# Lucy in the Sky With Diamonds



## LucyPie (Sep 18, 2012)

Okay maybe I lied about the sky.. and the diamonds. 

But here's Lucy in all of her glory anyway


----------



## MeanneyFids (Aug 24, 2010)

she is just adorable!


----------



## LucyPie (Sep 18, 2012)

Daww thanks! I love it when they fluff up.


----------



## stevechurch2222 (Sep 25, 2011)

Lucy is gorgeous.Beautiful bird.


----------



## tielfan (Aug 31, 2008)

Lucy on a perch with pearls?


----------



## LucyPie (Sep 18, 2012)

Aww, more thanks! ^____^

Hehe, Lucy on a perch with pearls, cinnamon, and two pies.

Hey, does anyone know if this color is rare? The breeder told me she is a cinnamon pearl pied but I have no idea what that really means besides the pie.


----------



## MeanneyFids (Aug 24, 2010)

does she have any pure yellow wing feathers? or tail feathers? not yellow with a dark stripe down the middle, but yellow with a white quill  does she have any of those?

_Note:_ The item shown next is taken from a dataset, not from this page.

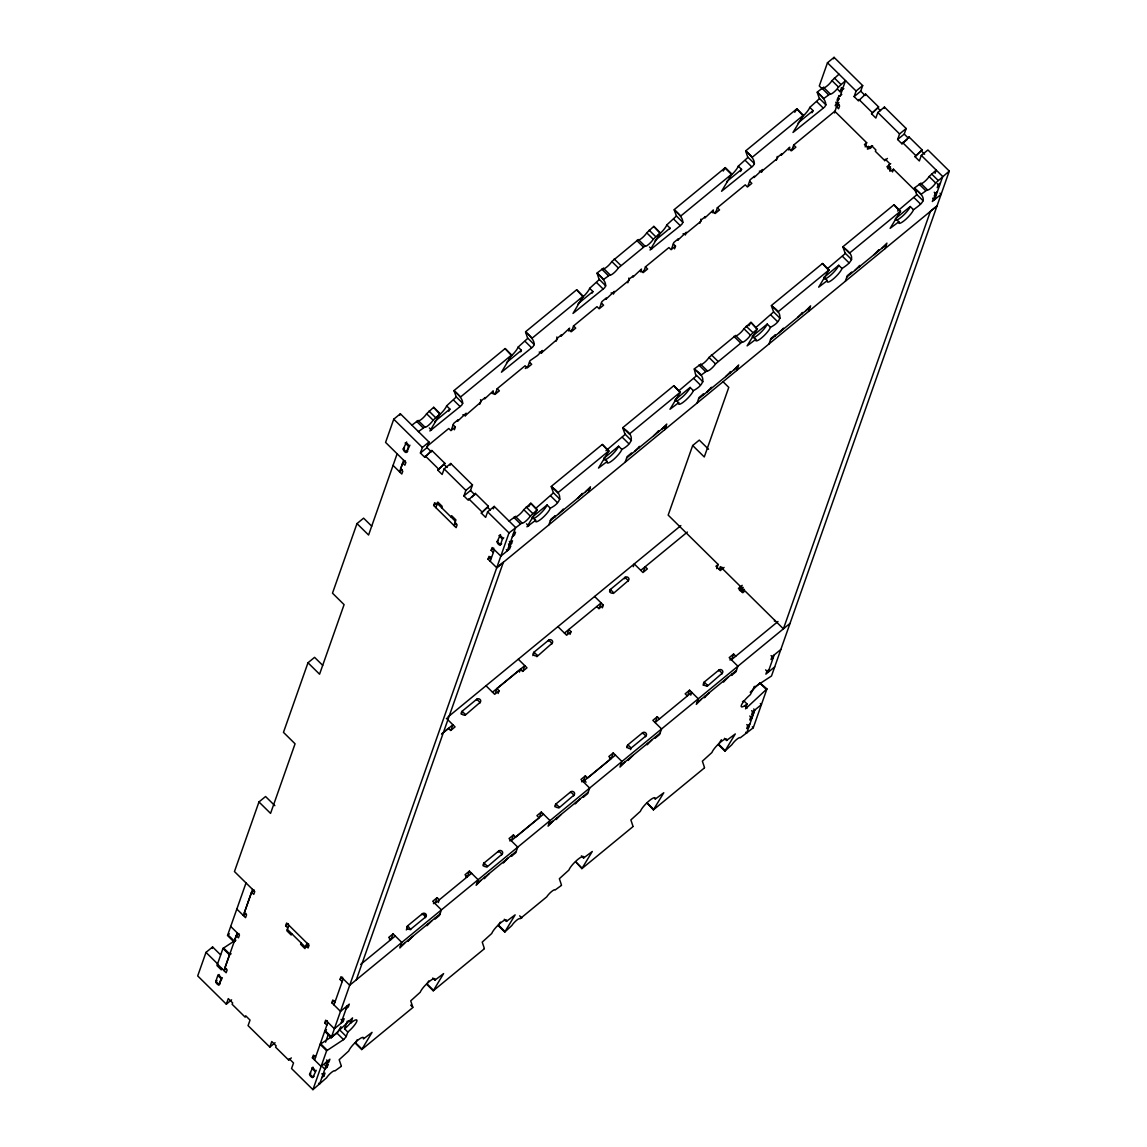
<?xml version="1.0" encoding="UTF-8"?>
<svg xmlns="http://www.w3.org/2000/svg" width="1147" height="1147" viewBox="0 0 1147 1147"><rect width="100%" height="100%" fill="white"/><g stroke="black" fill="none" stroke-linecap="round" stroke-linejoin="round"><path stroke-width="1.5" d="M220.568 954.834L212.596 946.963L205.987 952.397L197.7 975.925L226.332 1004.184L231.608 999.84M274.85 805.681L265.574 796.52L258.964 801.954L234.461 871.548L254.749 891.563L253.774 894.345L251.594 892.208L254.233 890.029M322.694 665.346L314.579 657.346L307.984 662.765L283.467 732.36L295.066 743.801L270.563 813.395L258.964 801.954M371.714 526.172L363.599 518.157L356.989 523.591L332.487 593.171L344.086 604.627L319.569 674.207L307.984 662.765M506.343 549.614L507.418 550.689L515.591 527.491L494.214 506.401L487.604 511.82L485.654 517.397L481.296 513.096L488.393 506.286L475.345 493.411L468.248 500.221L463.904 495.934L470.514 490.5L472.478 484.937L450.728 463.488L444.118 468.908L442.168 474.471L437.81 470.184L444.907 463.359L431.86 450.499L424.763 457.309L420.419 453.022L427.028 447.588L428.992 442.025L400.36 413.766L393.751 419.2L385.578 442.398L405.88 462.427L404.891 465.209L402.726 463.058L405.364 460.893M212.066 948.44L212.596 946.963M399.844 415.228L400.36 413.766M233.787 941.329L222.962 948.44L216.969 965.573L221.328 969.86L221.815 968.469M235.881 940.225L234.031 941.959L227.507 935.522L246.017 882.961M397.134 453.796L368.588 535.032L356.989 523.591M215.765 981.488L217.83 975.48L221.099 978.692L219.02 984.699A1.792 0.746 50.6 0 1 218.446 984.886L218.174 984.786A2.71 1.133 50.6 0 1 216.138 982.778L215.937 982.42A1.792 0.746 50.6 0 1 215.765 981.474L216.998 980.47M406.64 441.953L403.3 448.936A2.351 0.975 50.6 0 0 404.561 451.588A2.351 0.975 50.6 0 0 406.568 452.162L407.802 451.144M222.36 977.717L219.048 984.499L215.794 981.273M231.12 953.745L229.486 954.878L223.952 970.577L226.475 968.512M234.031 941.959L237.228 932.884M252.541 889.384L243.35 915.492L245.874 913.413M403.658 460.234L399.572 471.833L402.31 469.582M405.393 442.971A1.792 0.746 50.6 0 1 405.981 442.785L406.253 442.885A2.71 1.133 50.6 0 1 408.289 444.893L408.49 445.251A1.792 0.746 50.6 0 1 408.676 446.197L406.511 452.119L403.257 448.893L404.533 447.918M238.92 933.529L236.282 935.694L224.97 967.824L227.135 969.975L226.16 972.756L217.428 964.14M251.594 892.208L244.368 912.74L246.548 914.876L245.558 917.672L236.827 909.055M402.726 463.058L400.604 469.094L402.769 471.245L401.794 474.026L393.048 465.395M406.568 452.162L409.909 445.165M226.332 1004.184L228.282 998.607L232.64 1002.908L232.138 1004.299L245.186 1017.174L245.687 1015.783L250.032 1020.07L248.067 1025.633L269.817 1047.096L275.094 1042.752M420.419 453.022L422.383 447.459L428.992 442.025M424.763 457.309L431.86 450.499M451.674 429.007L453.638 423.444L458.04 419.831L457.553 421.221L466.112 413.192L465.123 415.974M437.81 470.184L444.907 463.359M454.37 429.795L455.345 427.014L453.18 424.863M287.825 927.952L285.646 925.801L286.621 923.02L309.088 945.2L308.113 947.981L305.934 945.831L308.586 943.666M454.943 522.717L457.108 524.867L456.133 527.649L433.666 505.483L434.641 502.687L436.821 504.838M465.281 415.658L480.335 402.554A2.351 2.079 19.4 0 0 480.493 399.73M450.111 465.223L450.728 463.488M288.8 925.17L286.836 930.733L291.195 935.02L291.682 933.629M435.846 507.619L437.796 502.056L442.154 506.343L441.652 507.734M479.69 404.375L480.794 401.135L485.195 397.507L484.694 398.898L493.267 390.883L492.278 393.665M301.102 942.934L300.614 944.325L304.959 948.612L306.923 943.049M451.086 517.039L451.574 515.648L455.918 519.935L453.954 525.498L456.477 523.433M495.733 392.862L497.21 388.675L525.097 365.764L527.262 367.915L531.678 364.287L529.498 362.151M269.817 1047.096L271.767 1041.533L276.126 1045.82L275.624 1047.211L288.671 1060.086L291.324 1057.907M463.904 495.934L465.868 490.371L472.478 484.937M472.22 496.966L475.345 493.411M288.671 1060.086L289.173 1058.695L293.517 1062.982L291.553 1068.545L312.93 1089.65L326.58 1077.779A6.265 1.391 -45.4 0 1 331.397 1072.502A6.265 1.391 -45.4 0 1 334.881 1070.954L341.276 1066.352M481.296 513.096L488.393 506.286M541.456 353.247L542.431 350.466L537.542 355.484L529.957 360.717L527.993 366.294L525.283 368.517M541.699 352.674L556.653 339.827A2.351 2.079 19.4 0 0 556.811 337.017M493.353 508.838L493.726 507.791M493.841 507.433L494.214 506.401M556.123 341.189L557.112 338.408L561.514 334.795L561.026 336.186L569.586 328.157L568.597 330.938M326.723 1063.814L328.931 1061.993L329.906 1059.211L321.103 1066.452L312.4 1057.864L313.389 1055.082L315.568 1057.233M326.881 1025.103L324.701 1022.952L325.676 1020.17L334.379 1028.759L343.182 1021.518L344.172 1018.737L341.964 1020.543M346.136 1008.715L348.33 1006.908L349.305 1004.127L340.501 1011.367L331.813 1002.779L332.788 999.998L334.967 1002.134M342.193 981.617L340.014 979.466L341.003 976.685L349.692 985.259L790.011 623.409M588.454 492.321L496.751 567.736L488.034 559.134L489.023 556.352L491.188 558.503M493.325 552.467L491.145 550.316L492.12 547.535L500.838 556.137M314.12 1076.302L312.887 1077.32A1.792 0.746 50.6 0 1 312.314 1077.52L312.027 1077.406A2.71 1.133 50.6 0 1 310.005 1075.399L309.79 1075.04A1.792 0.746 50.6 0 1 309.618 1074.108L312.959 1067.111M314.579 1060.014L327.856 1022.321M333.978 1004.93L343.168 978.821M490.228 561.299L494.314 549.7M500.493 534.574L497.167 541.585A2.351 0.975 50.6 0 0 498.415 544.223A2.351 0.975 50.6 0 0 500.422 544.782L501.655 543.764M572.052 330.135L573.529 325.963L596.999 306.65L599.164 308.787L603.58 305.174L601.401 303.023M312.887 1077.32L316.228 1070.337M499.26 535.592A1.792 0.746 50.6 0 1 499.834 535.405L500.106 535.506A2.71 1.133 50.6 0 1 502.142 537.527L502.343 537.886A1.792 0.746 50.6 0 1 502.529 538.818L500.436 544.796L497.167 541.585L498.4 540.552M325.562 1042.164L328.386 1034.135M312.93 1089.65L326.637 1050.752L343.899 1039.368L346.136 1036.759L347.828 1032.042A10.438 2.323 -45.4 0 0 356.789 1021.375A10.438 2.323 -45.4 0 0 351.097 1022.766L348.917 1020.615M326.508 1029.662L324.744 1031.325L331.182 1037.834L508.996 532.925L522 522.917A6.265 1.391 -45.4 0 0 525.498 521.355A6.265 1.391 -45.4 0 0 530.301 516.093L537.355 509.641L530.832 503.203L523.778 509.655A6.265 1.391 -45.4 0 1 518.974 514.931A6.265 1.391 -45.4 0 1 515.476 516.48L509.082 521.068M340.989 1023.325L347.111 1005.933M356.301 979.839L503.347 562.288L496.737 567.722M326.637 1050.752L320.113 1044.315L337.275 1033.031L340.946 1026.622M321.834 1077.721L324.028 1075.915L325.002 1073.133L322.809 1074.94M322.68 1066.997L324.845 1069.147L327.053 1067.341L328.028 1064.545L325.863 1062.409M508.451 543.965L510.63 546.115L509.641 548.897L500.823 556.123M509.325 545.37L511.519 543.563L512.508 540.782L510.3 542.588M347.828 1032.042L344.559 1028.83L347.283 1021.088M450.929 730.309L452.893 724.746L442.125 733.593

if not, she is not a pied. she looks cinnamon pearl, which is not uncommon


----------



## LucyPie (Sep 18, 2012)

Her tail feathers are mostly yellow. Only the very beginning of them are white. Uh oh! But she might have some solid yellow ones under her wings. I'll have to check her all over tomorrow 

OH and I thought pied meant that their cheeks were orange XD


----------



## MeanneyFids (Aug 24, 2010)

nah all cockatiels besides whitefaces have the cheek patches 

if the yellow tail feathers have a dark quill (the stiff part of the feather) then that is normal, most pearls have it


----------



## meaggiedear (Nov 20, 2011)

Pied is all sorts of messed up. Lol. 

I have a white face cinnamon pearl pied. 

This is a picture of my birds tail feathers. They are all pied somehow except the all yellow one. The wf cinnamon pearl pieds feather is second to last.


----------



## LucyPie (Sep 18, 2012)

So what does Pied actually mean then? Lack of pigmentation? Lucy's tail feathers look mostly like the second to last one except much, much lighter. Almost all is yellow but the middle line/quill. But where quill falls off, they are white (if that makes sense). 

Totally going to rummage through the trash to find an old feather ^^;;


----------



## moonchild (Jul 29, 2012)

She's beautiful! And the backdrop does look like a sky, kind of, and her pearls like diamonds. 

From Wikipedia: "A piebald or pied animal is one that has a spotting pattern of large unpigmented, usually white, areas of hair, feathers, or scales and normally pigmented patches, generally black." A pied tiel has a random pattern and looks "splotchy", that's the best way I can think to describe it.


----------



## MeanneyFids (Aug 24, 2010)

the feathers sound like pearl feathers, not pied, so she is just a cinnamon pearl


----------



## LucyPie (Sep 18, 2012)

Thanks Echo! I love the picture of the cockatiels in your signature ^^

And aw shucks, the deception  Oh well, she's still cute hehe.


----------



## MeanneyFids (Aug 24, 2010)

the band on her leg, is it a split band? like does it have a slit in it? if so, i would consider getting it removed from her leg. split bands are likely to get caught on things and can pose a danger. at her next vet visit i would ask the vet to remove it


----------



## LucyPie (Sep 18, 2012)

It is a split band, the only band the breeder had. No sharp ends and has never gotten stuck on anything so far. I'd hate to not have some sort of collar on her =/ What do tiels get caught in, string or fabric? If so, there's none of that in or near or cage


----------



## MeanneyFids (Aug 24, 2010)

they can get them caught even on the cage bars. generally split bands are more dangerous. i would play it safe and have it removed


----------



## LucyPie (Sep 18, 2012)

Thanks for heads up


----------



## UltimateMclaren (Apr 14, 2011)

There is so much to learn on this forum.


----------



## tielfan (Aug 31, 2008)

A pied cockatiel has patches of yellow/white feathers in places that would be grey on a normal cockatiel. We have a simple mutations guide at http://talkcockatiels.com/showthread.php?t=7227 with pictures and descriptions of the major mutations including pied, pearl and cinnamon.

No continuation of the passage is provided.